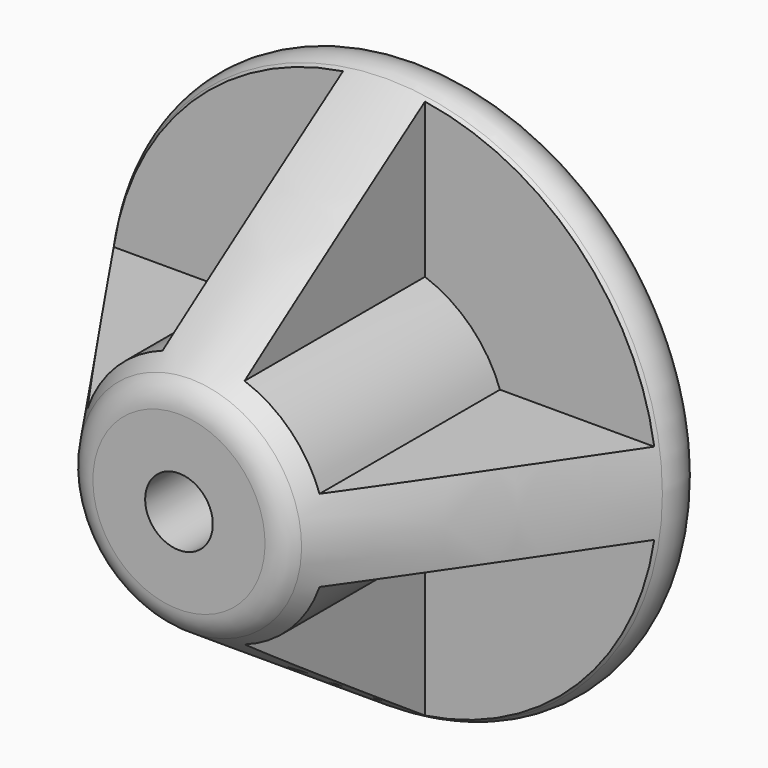
from build123d import *

# Parameters (mm, degrees)
F3_D     = 6.6
F5_D     = 17.4
F5_DEPTH = 12
F5_TIP   = 5.2274873855
F6_D     = 19
F6_DEPTH = 5
F6_TIP   = 5.7081758808
F7_DEPTH = 25
F8_R     = 3


with BuildPart() as f1:
    # F0 (on Right) → F1 (revolve)
    with BuildSketch(Plane.YZ):
        Polygon((-30, 0), (0, 0), (0, 30), (-30, 10), align=None)
    revolve(axis=Axis((0, -15, 0), (0, -1, 0)))

    # F3 (through all)
    with Locations(Plane.XZ.offset(30)):
        with Locations((0, 0)):
            Hole(F3_D / 2)

    # F5
    with Locations(Plane(origin=(0, 0, 0), x_dir=(-1, 0, 0), z_dir=(0, 1, 0))):
        with Locations((0, 0)):
            Hole(F5_D / 2, depth=F5_DEPTH)
            with Locations((0, 0, -(F5_DEPTH + F5_TIP / 2))):  # 118° drill point
                Cone(0, F5_D / 2, F5_TIP, mode=Mode.SUBTRACT)

    # F6
    with Locations(Plane(origin=(0, 0, 0), x_dir=(-1, 0, 0), z_dir=(0, 1, 0))):
        with Locations((0, 0)):
            Hole(F6_D / 2, depth=F6_DEPTH)
            with Locations((0, 0, -(F6_DEPTH + F6_TIP / 2))):  # 118° drill point
                Cone(0, F6_D / 2, F6_TIP, mode=Mode.SUBTRACT)

    # F2 (on face) → F7 (cut)
    with BuildSketch(Plane.XZ.offset(30)):
        with BuildLine():
            ThreePointArc((11.313708499, -4), (8.4852813742, -8.4852813742), (4, -11.313708499))
            Line((4, -11.313708499), (4, -27.313708499))
            ThreePointArc((4, -27.313708499), (19.5197165959, -19.5197165959), (27.313708499, -4))
            Line((27.313708499, -4), (11.313708499, -4))
        make_face()
        with BuildLine():
            Line((11.313708499, 4), (27.313708499, 4))
            ThreePointArc((27.313708499, 4), (19.5197165959, 19.5197165959), (4, 27.313708499))
            Line((4, 27.313708499), (4, 11.313708499))
            ThreePointArc((4, 11.313708499), (8.4852813742, 8.4852813742), (11.313708499, 4))
        make_face()
        with BuildLine():
            Line((-4, 11.313708499), (-4, 27.313708499))
            ThreePointArc((-4, 27.313708499), (-19.5197165959, 19.5197165959), (-27.313708499, 4))
            Line((-27.313708499, 4), (-11.313708499, 4))
            ThreePointArc((-11.313708499, 4), (-8.4852813742, 8.4852813742), (-4, 11.313708499))
        make_face()
        with BuildLine():
            Line((-11.313708499, -4), (-27.313708499, -4))
            ThreePointArc((-27.313708499, -4), (-19.5197165959, -19.5197165959), (-4, -27.313708499))
            Line((-4, -27.313708499), (-4, -11.313708499))
            ThreePointArc((-4, -11.313708499), (-8.4852813742, -8.4852813742), (-11.313708499, -4))
        make_face()
    extrude(amount=-F7_DEPTH, mode=Mode.SUBTRACT)

    # F8
    f8_edges = [f1.edges().sort_by_distance(p)[0] for p in [
        (0, 0, -30),
        (0, -30, -10),
    ]]
    fillet(f8_edges, radius=F8_R)


solid = f1.part

--- --- ---

» **Your assignment**
Everything from the line containing "Cone(0, F6_D /" to the final line of the entries above should be output exactly, and nothing more.

» **Answer space**
                Cone(0, F6_D / 2, F6_TIP, mode=Mode.SUBTRACT)

    # F2 (on face) → F7 (cut)
    with BuildSketch(Plane.XZ.offset(30)):
        with BuildLine():
            ThreePointArc((11.313708499, -4), (8.4852813742, -8.4852813742), (4, -11.313708499))
            Line((4, -11.313708499), (4, -27.313708499))
            ThreePointArc((4, -27.313708499), (19.5197165959, -19.5197165959), (27.313708499, -4))
            Line((27.313708499, -4), (11.313708499, -4))
        make_face()
        with BuildLine():
            Line((11.313708499, 4), (27.313708499, 4))
            ThreePointArc((27.313708499, 4), (19.5197165959, 19.5197165959), (4, 27.313708499))
            Line((4, 27.313708499), (4, 11.313708499))
            ThreePointArc((4, 11.313708499), (8.4852813742, 8.4852813742), (11.313708499, 4))
        make_face()
        with BuildLine():
            Line((-4, 11.313708499), (-4, 27.313708499))
            ThreePointArc((-4, 27.313708499), (-19.5197165959, 19.5197165959), (-27.313708499, 4))
            Line((-27.313708499, 4), (-11.313708499, 4))
            ThreePointArc((-11.313708499, 4), (-8.4852813742, 8.4852813742), (-4, 11.313708499))
        make_face()
        with BuildLine():
            Line((-11.313708499, -4), (-27.313708499, -4))
            ThreePointArc((-27.313708499, -4), (-19.5197165959, -19.5197165959), (-4, -27.313708499))
            Line((-4, -27.313708499), (-4, -11.313708499))
            ThreePointArc((-4, -11.313708499), (-8.4852813742, -8.4852813742), (-11.313708499, -4))
        make_face()
    extrude(amount=-F7_DEPTH, mode=Mode.SUBTRACT)

    # F8
    f8_edges = [f1.edges().sort_by_distance(p)[0] for p in [
        (0, 0, -30),
        (0, -30, -10),
    ]]
    fillet(f8_edges, radius=F8_R)


solid = f1.part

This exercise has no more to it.